6. Return to limited government; reverse the nation’s drift towards socialism.

In the years immediately following Reagan’s 1975 speech, the economic conditions grew even worse. Under the leadership of President Jimmy Carter and a Democratic Congress, the nation was experiencing double-digit inflation, interest rates of over 20%, rising unemployment on its way to above 10%, dropping real median incomes, and a rising poverty rate.

Paul Ryan identified the similarities to our time in a speech he gave at the Reagan Library this past May. “[T]he parallels between 1980 and today are so striking. Now, as then, we face not just a failed President, but a failed ideology. We face a pessimistic mood in the nation’s capital – a belief that our best days are over and the only thing left to do is manage the nation’s decline. But we have the same opportunity today, to reject this defeatist attitude and embrace a positive reform agenda capable of kick-starting a new era of prosperity.”

After becoming President in 1980, Reagan implemented much of the agenda that he identified during his CPAC address. His revolution included fundamental tax reform, ultimately lowering the rates to a top rate of 28% for individuals, while broadening the base and eliminating tax loopholes and tax shelters (which allowed the wealthy or politically connected to avoid tax liability). Reagan also slowed the growth of federal domestic spending to its lowest level since World War II: a great achievement, given the Democrats controlled the House for the entire eight years of his Presidency and the Senate for two of them. He also cut unnecessary and burdensome regulations on businesses and privatized government services performed better and more efficiently by the private sector.

The result of implementing the Reagan agenda was the greatest economic expansion in American history with over 19 million new jobs created with a population that was 85 million less than today. Unemployment dropped to 5 percent. Meanwhile, because of the incredible economic growth, revenues to the Treasury doubled.

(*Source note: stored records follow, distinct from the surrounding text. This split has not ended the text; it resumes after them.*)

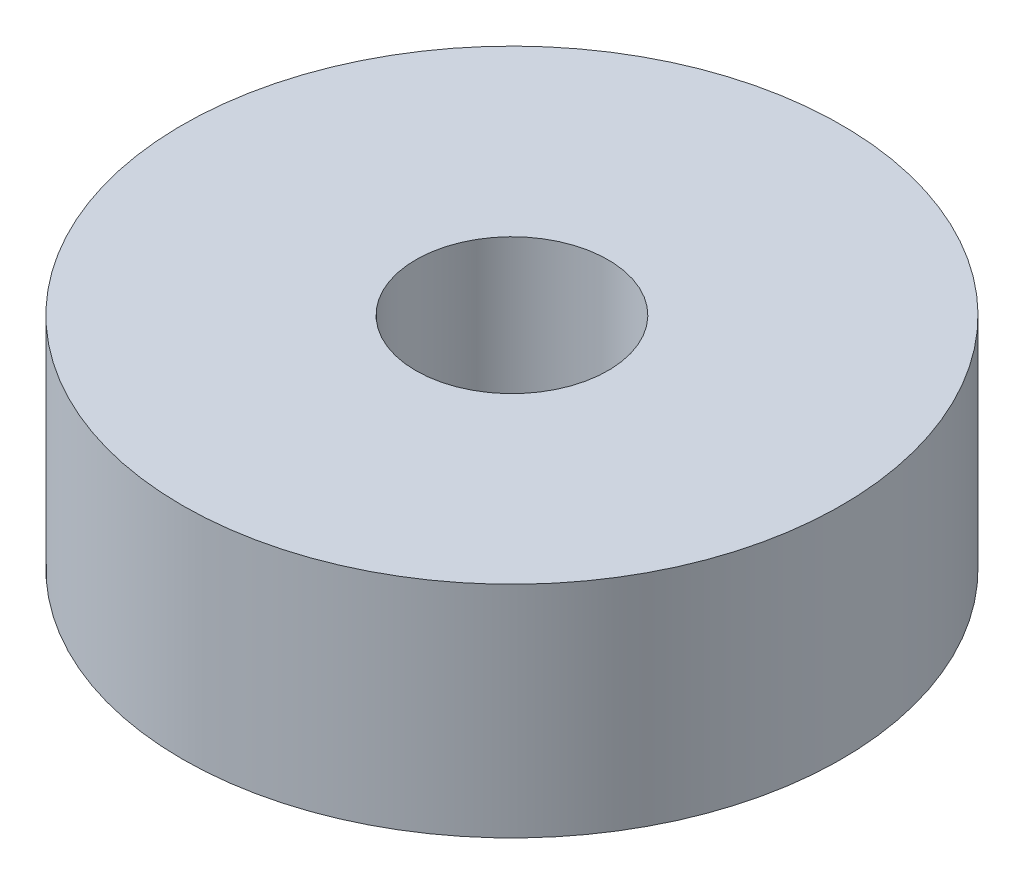
SolidWorks part; units mm, degrees
ref_plane "Front Plane" through (0, 0, 0) normal (0, 0, 1) x (1, 0, 0)
ref_plane "Top Plane" through (0, 0, 0) normal (0, 1, 0) x (1, 0, 0)
ref_plane "Right Plane" through (0, 0, 0) normal (1, 0, 0) x (0, 0, -1)
sketch "Sketch1" plane through (0, 0, 0) normal (0, 1, 0) x (1, 0, 0)
  circle A0 centre (0, 0) radius 1.75
  circle A1 centre (0, 0) radius 6
  dimension "D1" = 3.5
  dimension "D2" = 12
extrude "Boss-Extrude1" add sketch "Sketch1" along normal blind 4

Ryan’s plan incorporates all the key areas of Reagan’s agenda. It takes government spending head on including entitlements, which account for over 50% of the budget. It simplifies the tax code, bringing the top individual and corporate rates to 25% while closing loopholes and broadening the base. It also eliminates job-crushing regulations like those created by Obamacare. It facilitates a return to sound money by taking away the Federal Reserve’s need to print money to cover our nation’s debt, which is how 60% of our current deficit spending is financed. Overall, it promotes economic growth, which will lead to higher revenues to the Treasury and more jobs.

The President has already started demagoguing Ryan’s Plan, while speaking in broad platitudes about responsible spending (of borrowed and printed money) and investments in our future (echoing his rhetoric of 2008), but offering no plan. In a speech at Council Bluffs, Iowa earlier this week he said, “Paul Ryan’s vision is one that I fundamentally disagree with…They have tried to sell us to trickle down theory before. Guess what, every time it has been tried, it has not worked. It did not work then, it will not work now. It won’t create jobs, it won’t lower our deficit, it is not a plan to move our economy forward. We do not need more tax cuts for our wealthiest Americans, we need tax relief for working families.”

Mr. President, your recounting of the facts is entirely false. Reagan’s economy created more jobs in the year 1984 alone–4.1 million–than you’ve created in your entire Presidency. It brought hundreds of billions more in tax revenues, and got the economy moving again.

Reagan in his CPAC address said, “Our task is to make [the people] see that what we represent is identical to their own hopes and dreams of what America can and should be.” Ryan, in his Reagan Library speech, agreed saying, “A bold reform agenda is our moral obligation. We have an obligation to provide the American people with a clear path that gets our country back on track.” Then as now, it’s no time for pale pastels.